When determining the area of ​​brain damage, the first thing to pay attention to is the symptoms that the patient exhibits. They are the main signals for establishing the type of disorder and prescribing the necessary therapy.

When the temporal part is damaged, memory and sound perception are affected. The victim may think that he hears some sounds or music, although in fact there are none. He is attacked by a feeling of déjà vu, and various memories from the long past emerge. The patient is also subjected to emotional attacks, which are expressed in anxiety, anger or feelings of joy and happiness.

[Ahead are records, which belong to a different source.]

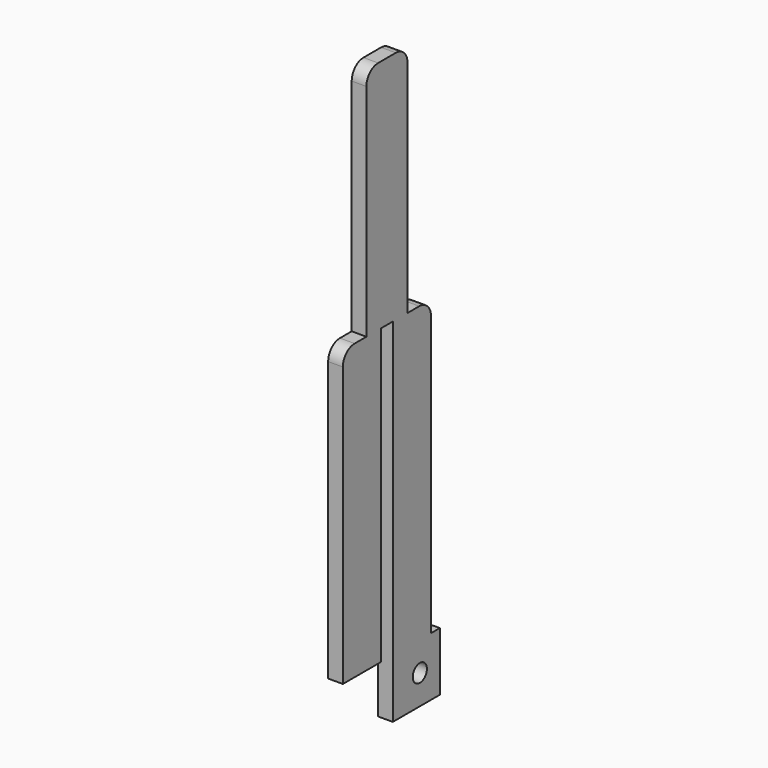
from build123d import *

# Parameters (mm, degrees)
F0_R     = 3.81
F1_DEPTH = 3.175


# Not quite as in the source:
# - ends of sketch curves that miss each other by under 0.0002 mm in the source are joined


with BuildPart() as f1:
    # F0 (on Right) → F1 (new body, symmetric)
    with BuildSketch(Plane.YZ):
        Polygon((28.575, -63.5), (23.8125, -63.5), (3.175, -63.5), (3.175, -88.9), (28.575, -88.9), align=None)
        with Locations((17.78, -76.2)):
            Circle(F0_R, mode=Mode.SUBTRACT)
        with BuildLine():
            Line((3.175, -63.5), (23.8125, -63.5))
            Line((23.8125, -63.5), (23.8125, 57.15))
            ThreePointArc((23.8125, 57.15), (21.9533763667, 61.6393796296), (17.4646167058, 63.4999996472))
            Line((17.4646167058, 63.4999996472), (17.4625, 63.5))
            Line((17.4625, 63.5), (11.1139111112, 63.5))
            Line((11.1139111112, 63.5), (11.124494366, 158.7492930333))
            ThreePointArc((11.124494366, 158.7492930333), (9.2648719104, 163.2398771909), (4.7744944052, 165.0999985889))
            Line((4.7744944052, 165.0999985889), (-4.7498, 165.0999985889))
            ThreePointArc((-4.7498, 165.0999985889), (-9.2399280605, 163.2401266494), (-11.0998, 158.7499985889))
            Line((-11.0998, 158.7499985889), (-11.0998, 63.5))
            Line((-11.0998, 63.5), (-17.4498, 63.5))
            Line((-17.4498, 63.5), (-17.4625, 63.5))
            ThreePointArc((-17.4625, 63.5), (-21.9526280605, 61.6401280605), (-23.8125, 57.15))
            Line((-23.8125, 57.15), (-23.8125, -63.5))
            Line((-23.8125, -63.5), (-3.175, -63.5))
            Line((-3.175, -63.5), (-3.175, 63.5))
            Line((-3.175, 63.5), (3.175, 63.5))
            Line((3.175, 63.5), (3.175, -63.5))
        make_face()
    extrude(amount=F1_DEPTH, both=True)


solid = f1.part
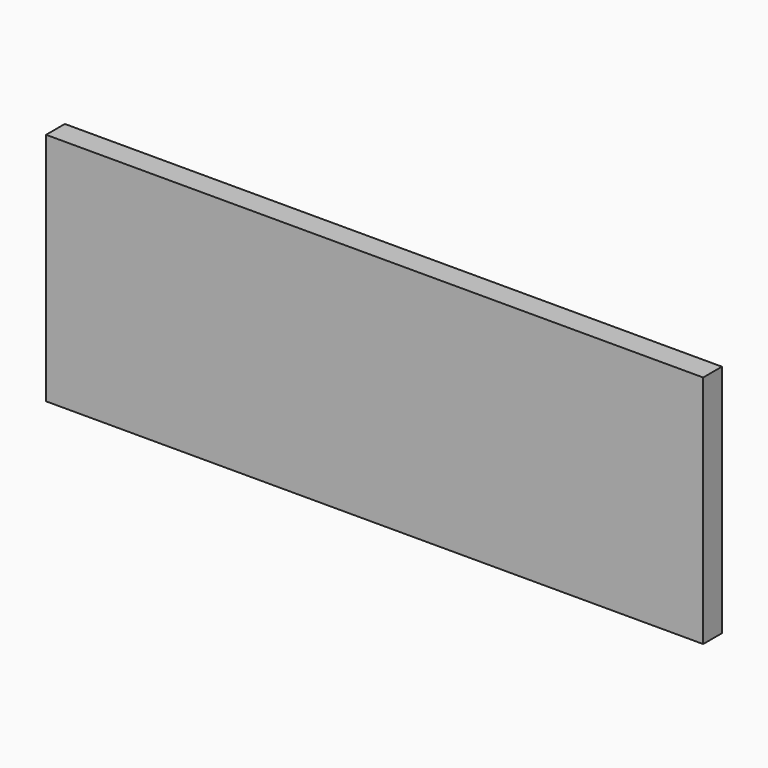
from build123d import *

# Parameters (mm, degrees)
F0_W     = 533.4
F0_H     = 190.5
F1_DEPTH = 19.05


# Not quite as in the source:
# - a feature names something its author has since deleted; it is built from what else it names


with BuildPart() as f1:
    # F0 (on Front) → F1 (new body)
    with BuildSketch(Plane.XZ):
        with Locations((266.7, 95.25)):
            Rectangle(F0_W, F0_H)
    extrude(amount=-F1_DEPTH)


solid = f1.part
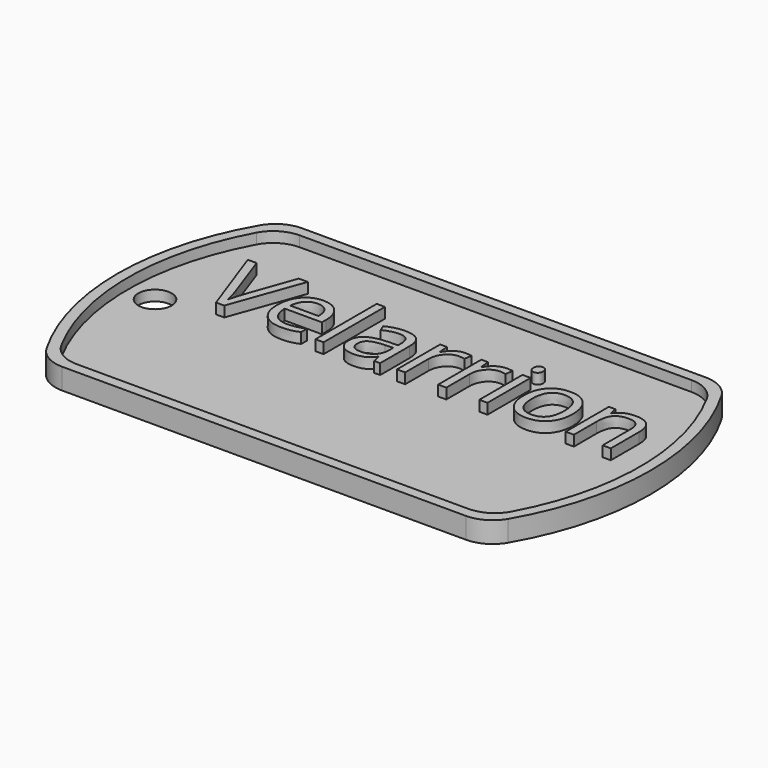
from build123d import *

# Parameters (mm, degrees)
F1_DEPTH     = 1
F3_DEPTH     = 1
F4_R         = 1.5875
F5_DEPTH     = 1
F6_TEXT_SIZE = 9.6068611634
F7_DEPTH     = 1
F8_DEPTH     = 1


# Not quite as in the source:
# - Text() gives the source's letters only with a copy of the font that has no kerning and outlines rounded to 1/6400 em; it was checked with that copy


with BuildPart() as f1:
    # F0 (on Top) → F1 (new body)
    with BuildSketch(Plane.XY):
        with BuildLine():
            ThreePointArc((-19.2474145991, 14.2875), (-20.8349145991, 13.862130657), (-21.9970452561, 12.7))
            ThreePointArc((-21.9970452561, 12.7), (-25.4, 0), (-21.9970452561, -12.7))
            ThreePointArc((-21.9970452561, -12.7), (-20.8349145991, -13.862130657), (-19.2474145991, -14.2875))
            Line((-19.2474145991, -14.2875), (19.2474145991, -14.2875))
            ThreePointArc((19.2474145991, -14.2875), (20.8349145991, -13.862130657), (21.9970452561, -12.7))
            ThreePointArc((21.9970452561, -12.7), (25.4, 0), (21.9970452561, 12.7))
            ThreePointArc((21.9970452561, 12.7), (20.8349145991, 13.862130657), (19.2474145991, 14.2875))
            Line((19.2474145991, 14.2875), (-19.2474145991, 14.2875))
        make_face()
    extrude(amount=F1_DEPTH)

    # F2 (on face) → F3 (join)
    with BuildSketch(Plane.XY.offset(1)):
        with BuildLine():
            Line((19.2474145991, 14.2875), (-19.2474145991, 14.2875))
            ThreePointArc((-19.2474145991, 14.2875), (-20.8349145991, 13.862130657), (-21.9970452561, 12.7))
            ThreePointArc((-21.9970452561, 12.7), (-25.4, 0), (-21.9970452561, -12.7))
            ThreePointArc((-21.9970452561, -12.7), (-20.8349145991, -13.862130657), (-19.2474145991, -14.2875))
            Line((-19.2474145991, -14.2875), (19.2474145991, -14.2875))
            ThreePointArc((19.2474145991, -14.2875), (20.8349145991, -13.862130657), (21.9970452561, -12.7))
            ThreePointArc((21.9970452561, -12.7), (25.4, 0), (21.9970452561, 12.7))
            ThreePointArc((21.9970452561, 12.7), (20.8349145991, 13.862130657), (19.2474145991, 14.2875))
        make_face()
        with BuildLine():
            ThreePointArc((-21.4526124879, 11.6252061249), (-20.2856017842, 12.8404540819), (-18.6611352482, 13.2875))
            Line((-18.6611352482, 13.2875), (18.6611352482, 13.2875))
            ThreePointArc((18.6611352482, 13.2875), (20.2856017842, 12.8404540819), (21.4526124879, 11.6252061249))
            ThreePointArc((21.4526124879, 11.6252061249), (24.4, 0), (21.4526124879, -11.6252061249))
            ThreePointArc((21.4526124879, -11.6252061249), (20.2856017842, -12.8404540819), (18.6611352482, -13.2875))
            Line((18.6611352482, -13.2875), (-18.6611352482, -13.2875))
            ThreePointArc((-18.6611352482, -13.2875), (-20.2856017842, -12.8404540819), (-21.4526124879, -11.6252061249))
            ThreePointArc((-21.4526124879, -11.6252061249), (-24.4, 0), (-21.4526124879, 11.6252061249))
        make_face(mode=Mode.SUBTRACT)
    extrude(amount=F3_DEPTH)

    # F4 (on face) → F5 (cut)
    with BuildSketch(Plane.XY.offset(1)):
        with Locations((-21.821282804, 0)):
            Circle(F4_R)
    extrude(amount=-F5_DEPTH, mode=Mode.SUBTRACT)

    # F6 (on face) → F7 (join)
    with BuildSketch(Plane.XY.offset(1)):
        with Locations((-19.2244183272, 0.9450849029)):
            Text('Velarrion', F6_TEXT_SIZE, font='Open Sans', text_align=(TextAlign.LEFT, TextAlign.BOTTOM))
    extrude(amount=F7_DEPTH)

    # F6 (on face) → F8 (join)
    with BuildSketch(Plane.XY.offset(1)):
        with Locations((-19.2244183272, 0.9450849029)):
            Text('Velarrion', F6_TEXT_SIZE, font='Open Sans', text_align=(TextAlign.LEFT, TextAlign.BOTTOM))
    extrude(amount=F8_DEPTH)


solid = f1.part

Manifestations of damage can be simple, complex, convulsive and combined. The most common are complex ones with automatisms and confusion. Before an attack, there is a sensation of olfactory, visual, gustatory, auditory, mental, somatosensory or vegetative-visceral aura.

The frontal lobe is responsible for motor functions, so damage in this part can be determined by chaotic uncontrolled twitching of the limbs, hands and fingers, the play of facial muscles, and eyes darting from side to side. The patient may make repeated movements of the lips and tongue, as well as stomp in one place.

Based on their form, they can distinguish simple, complex, convulsive and combined seizures. Duration is up to 1 minute, repetitions are observed. Most often occur at night. The aura is not felt.

Peculiarities:

  • high duration;
  • minimal impact on consciousness;
  • rapid occurrence of secondary attacks;
  • frequent manifestation of motor dysfunctions;
  • there are automatisms before a seizure;
  • the victim falls.

The occipital part of the brain is focused on the functioning of the visual organs, so damage to it will affect a person’s vision. During an attack, spots, flashing and colored lights appear in the eyes, or loss of visual fields occurs, followed by severe pain in the head, similar to a migraine.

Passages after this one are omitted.